The other night my brother, girlfriend and a few friends headed out into Worcester to have few drinks and catch up. We ended up heading to Irish Times on main street. Well we were there approx. 20 minutes and decided that we would head up to the third floor and check out the music. My girlfriend walked over to the bar to order a round of drinks, i was standing about 4 feet in back of her when some guy reached around her waist and grabbed her and felt up her side. At this time my girlfriend turned and gave the guy a dirty look!! i noticed this and walked up behind her and rubbed her back. I then turned around with a drink in my hand and the guy said to me, " oh i thought that it was my girl" and laughed i said, "Just watch your hands" he then proceeded to put his arm around me and i pulled way and asked him very politley not to touch me he complied and walked away. After about 10 minutes i walked to the bathroom and the bouncer and a Officer approached me, the bouncer asked that i put down my drink and leave. I asked why at which time he said because i said so. I was escorted by the bouncer and the officer to the stairs, i asked if i could let my friends know at which time i did and they followed, my brother asked why i had to leave, the bouncer turned grabber him by the throat and then placed him in a head lock. They dragged him down the stairs and out the door at this time i tried talking to the bouncer and officer and i identified myself as i off duty Police Officer. Both bouncers while out on the street yelled " I DON'T GIVE A FUCK WHO YOU ARE, YOUR A KNOW BODY!!!! then stated fucking cops !!!!! My point in identifiying myself as a officer was to calm the situation and find out what i had done.

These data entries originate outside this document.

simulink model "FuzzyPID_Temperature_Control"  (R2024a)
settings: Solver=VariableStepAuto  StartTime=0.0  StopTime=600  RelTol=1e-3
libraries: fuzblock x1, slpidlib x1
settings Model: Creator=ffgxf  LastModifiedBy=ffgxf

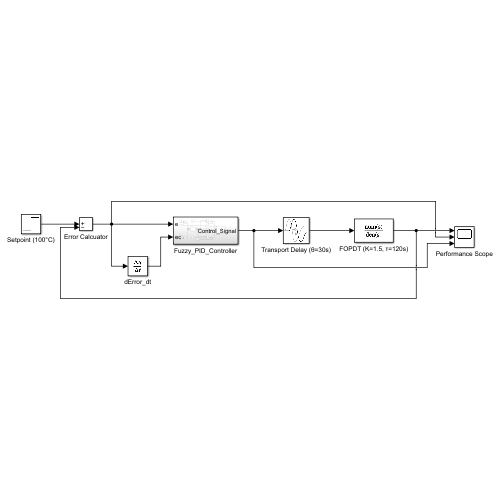
[thumbnail: Simulink's stored preview of the top-level diagram]
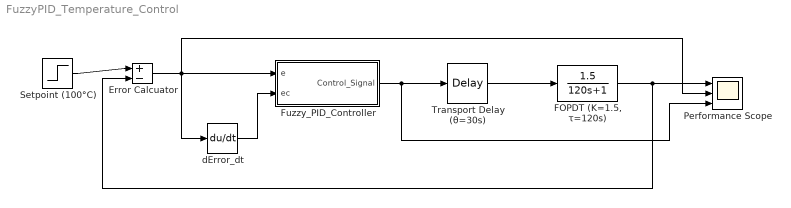
== system FuzzyPID_Temperature_Control ==
  Error Calcuator : Sum  Inputs=|+-
  "FOPDT (K=1.5, τ=120s)" : TransferFcn  Numerator=[1.5]  Denominator=[120 1]
  Fuzzy_PID_Controller : Subsystem
  Performance Scope : Scope  NumInputPorts=3
  Setpoint (100°C) : Step  Time=0  After=100  SampleTime=0.5
  Transport Delay (θ=30s) : TransportDelay  DelayTime=30  FixedBuffer=on
  dError_dt : Derivative
  wires:
  Setpoint (100°C)/1 -> Error Calcuator/1
  Error Calcuator/1 -> Fuzzy_PID_Controller/1(e), dError_dt/1, Performance Scope/2
  dError_dt/1 -> Fuzzy_PID_Controller/2(ec)
  Fuzzy_PID_Controller/1(Control_Signal) -> Transport Delay (θ=30s)/1, Performance Scope/3
  Transport Delay (θ=30s)/1 -> "FOPDT (K=1.5, τ=120s)"/1
  "FOPDT (K=1.5, τ=120s)"/1 -> Performance Scope/1, Error Calcuator/2

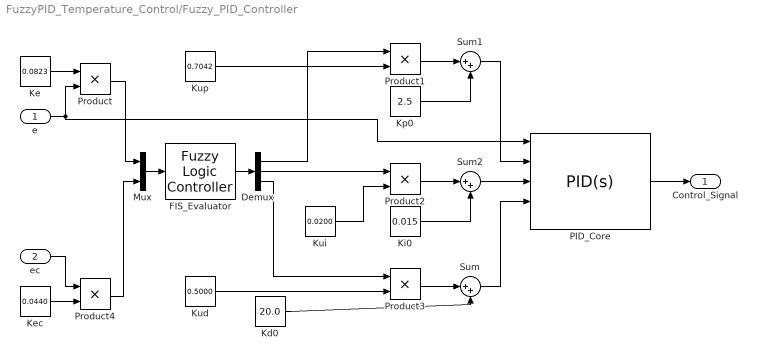
== system FuzzyPID_Temperature_Control/Fuzzy_PID_Controller ==
  e : Inport
  ec : Inport  Port=2
  Demux : Demux  Outputs=3
  FIS_Evaluator : fuzblock/Fuzzy Logic  Controller  FIS=fuzzy_pid_controller  OutputSampleNumber=101  DataType=double  FuzzifiedInputs=off  RuleFiringStrengths=off  RuleOutputs=off  AggregatedOutputs=off  SimulateUsing=Interpreted execution  OutOfRangeInputValueMessage=warning  NoRuleFiredMessage=warning  EmptyOutputFuzzySetMessage=warning
  Kd0 : Constant  Value=20.0
  Ke : Constant  Value=0.0823
  Kec : Constant  Value=0.0440
  Ki0 : Constant  Value=0.015
  Kp0 : Constant  Value=2.5
  Kud : Constant  Value=0.5000
  Kui : Constant  Value=0.0200
  Kup : Constant  Value=0.7042
  Mux : Mux  Inputs=2
  PID_Core : slpidlib/PID Controller  Controller=PID  Form=Parallel  TimeDomain=Continuous-time  UseExternalTs=off  SampleTime=-1  IntegratorMethod=Forward Euler  FilterMethod=Forward Euler  ControllerParametersSource=external  P=1  I=1  UseKiTs=off  D=0  UseExternalDerivativeSource=off  N=100  UseFilter=on  TunerSelectOption=Transfer Function Based (PID Tuner App)  InitialConditionSource=internal  InitialConditionForIntegrator=0  InitialConditionForFilter=0  DifferentiatorICPrevScaledInput=0  ExternalReset=none  TrackingMode=off  Kt=1  LimitOutput=on  SatLimitsSource=internal  UpperSaturationLimit=150  LowerSaturationLimit=0  LinearizeAsGain=on  AntiWindupMode=none  Kb=1  LimitIntegrator=off  UpperIntegratorSaturationLimit=inf  LowerIntegratorSaturationLimit=-inf  POutMin=[]  POutMax=[]  IOutMin=[]  IOutMax=[]  DOutMin=[]  DOutMax=[]  NOutMin=[]  NOutMax=[]  SumOutMin=[]  SumOutMax=[]  SaturationOutMin=[]  SaturationOutMax=[]  PParamMin=[]  PParamMax=[]  IParamMin=[]  IParamMax=[]  DParamMin=[]  DParamMax=[]  NParamMin=[]  NParamMax=[]  KbParamMin=[]  KbParamMax=[]  KtParamMin=[]  KtParamMax=[]  KbOutMin=[]  KbOutMax=[]  KtOutMin=[]  KtOutMax=[]  IntegratorOutMin=[]  IntegratorOutMax=[]  FilterOutMin=[]  FilterOutMax=[]  SumI1OutMin=[]  SumI1OutMax=[]  SumI2OutMin=[]  SumI2OutMax=[]  SumI3OutMin=[]  SumI3OutMax=[]  SumI4OutMin=[]  SumI4OutMax=[]  SumDOutMin=[]  SumDOutMax=[]  DifferentiatorOutMin=[]  DifferentiatorOutMax=[]  FilterDiffOutCoefMin=[]  FilterDiffOutCoefMax=[]  ReciprocalOutMin=[]  ReciprocalOutMax=[]  SumDenOutMin=[]  SumDenOutMax=[]  SumNumOutMin=[]  SumNumOutMax=[]  DivideOutMin=[]  DivideOutMax=[]  UdiffTsProdOutMin=[]  UdiffTsProdOutMax=[]  NTsProdOutMin=[]  NTsProdOutMax=[]  UintegralTsProdOutMin=[]  UintegralTsProdOutMax=[]  UngainTsProdOutMin=[]  UngainTsProdOutMax=[]  ClampingZeroOutDataTypeStr=Inherit: Inherit via back propagation  ClampingZeroOutMin=[]  ClampingZeroOutMax=[]  FilterDenConstantOutDataTypeStr=Inherit: Inherit via back propagation  FilterDenConstantOutMin=[]  FilterDenConstantOutMax=[]  PCopyOutDataTypeStr=Inherit: Inherit via back propagation  PCopyOutMin=[]  PCopyOutMax=[]  NCopyOutDataTypeStr=Inherit: Inherit via back propagation  NCopyOutMin=[]  NCopyOutMax=[]  IntegratorContinuousStateAttributes=''  IntegratorStateMustResolveToSignalObject=off  IntegratorRTWStateStorageClass=Auto  FilterContinuousStateAttributes=''  FilterStateMustResolveToSignalObject=off  FilterRTWStateStorageClass=Auto  ParallelPVariant=ExternalParameters  IdealPVariant=Disabled  IVariant=ExternalParameters  DVariant=ExternalParameters  IntegratorVariant=Continuous  SatVariant=Enabled  AWVariant=Passthrough  PCopyVariant=Disabled  TRVariant=Disabled  FdbkBlocksVariant=Forward  IdealPFdbkVariant=Disabled  SatFdbkVariant=Disabled  DerivativeFilterVariant=ContFilter  NVariant=ExternalParameters  NCopyVariant=Disabled  FilterICVariant=InternalICsFilter  IntegratorICVariant=InternalICs  ExternalResetVariant=Disabled  TRSumVariant=Passthrough  SumFdbkVariant=Disabled  SumVariant=Sum_PID  TsampFilterVariant=InternalTs  TsampNgainVariant=Passthrough  TsampIntegralVariant=Disabled_SignalSpec  ExternalSaturationOutDataTypeStr=Inherit: Same as second input  DerivativeSourceVariant=ErrorSignal
  Product{,1..4} (5 alike) : Product
  Sum : Sum  Inputs=|++
  Sum1 : Sum  Inputs=|++
  Sum2 : Sum  Inputs=|++
  Control_Signal : Outport
  wires:
  Kp0/1 -> Sum1/2
  e/1 -> Product/2, PID_Core/1
  Ke/1 -> Product/1
  ec/1 -> Product4/1
  Kec/1 -> Product4/2
  Mux/1 -> FIS_Evaluator/1
  Product/1 -> Mux/1
  Product4/1 -> Mux/2
  Kup/1 -> Product1/2
  Product1/1 -> Sum1/1
  Sum1/1 -> PID_Core/2
  PID_Core/1 -> Control_Signal/1
  FIS_Evaluator/1 -> Demux/1
  Demux/1 -> Product1/1
  Demux/2 -> Product2/1
  Kui/1 -> Product2/2
  Product2/1 -> Sum2/1
  Ki0/1 -> Sum2/2
  Sum2/1 -> PID_Core/3
  Demux/3 -> Product3/1
  Kud/1 -> Product3/2
  Product3/1 -> Sum/1
  Kd0/1 -> Sum/2
  Sum/1 -> PID_Core/4

At this time i spoke with the officer and he spoke with me and i explained my side of the story he was polite and helpful he said he would speak with the bouncers!!. The gentleman for lack of better words who GROPED my girlfriend then came out of the bar and got in my face infront of the officer and at this point i was informed that he was the one that had me removed. POINT of the story i guess no one wants to hear your side of the story, so i guess its ok to grope women and get away with it!!!


----------



## Pvt. Cowboy (Jan 26, 2005)

I've had similar situations in that place... Rehab is the name of the bar on the third floor of Irish Times... there are a lot of drunk fools up there, it's usually a sausage fest. Anyway, there have been occasions there where guys have had their hands "accidentally" rub against my wife, or they're trying to spark up a conversation while looking at her... um... surgical enhancements...

I don't even go their anymore just because I know some drunk fool will cross the line, and I'd get in trouble for blacking someone's eye...

Want a low-key but popular spot in worcester? Try Funky Murphy's... never had any problems there...


----------



## NEPO27 (May 1, 2005)

Pvt. Cowboy i will definatley try funky Murphy's. Irish times is a giant sausage fest that you are right about. Since major league baseball is testing for steriods mabe they should start testing the bouncers at Irish times. They seem to be very anti police there. But i will definatley try out Funky Murphys thats on Shrewsbury St. right ?


----------



## Pvt. Cowboy (Jan 26, 2005)

Yeah right on Shrewsbury St., used to be the Calabria Club... The bouncers that work at IT's have always been morons... for some reason Worcester PD acts a little different there... I don't know why WPD wouldn't take sides with another PO...


----------



## Goose (Dec 1, 2004)

That's retarded. If I were your brother, I would be looking into filing assault charges on the bouncer...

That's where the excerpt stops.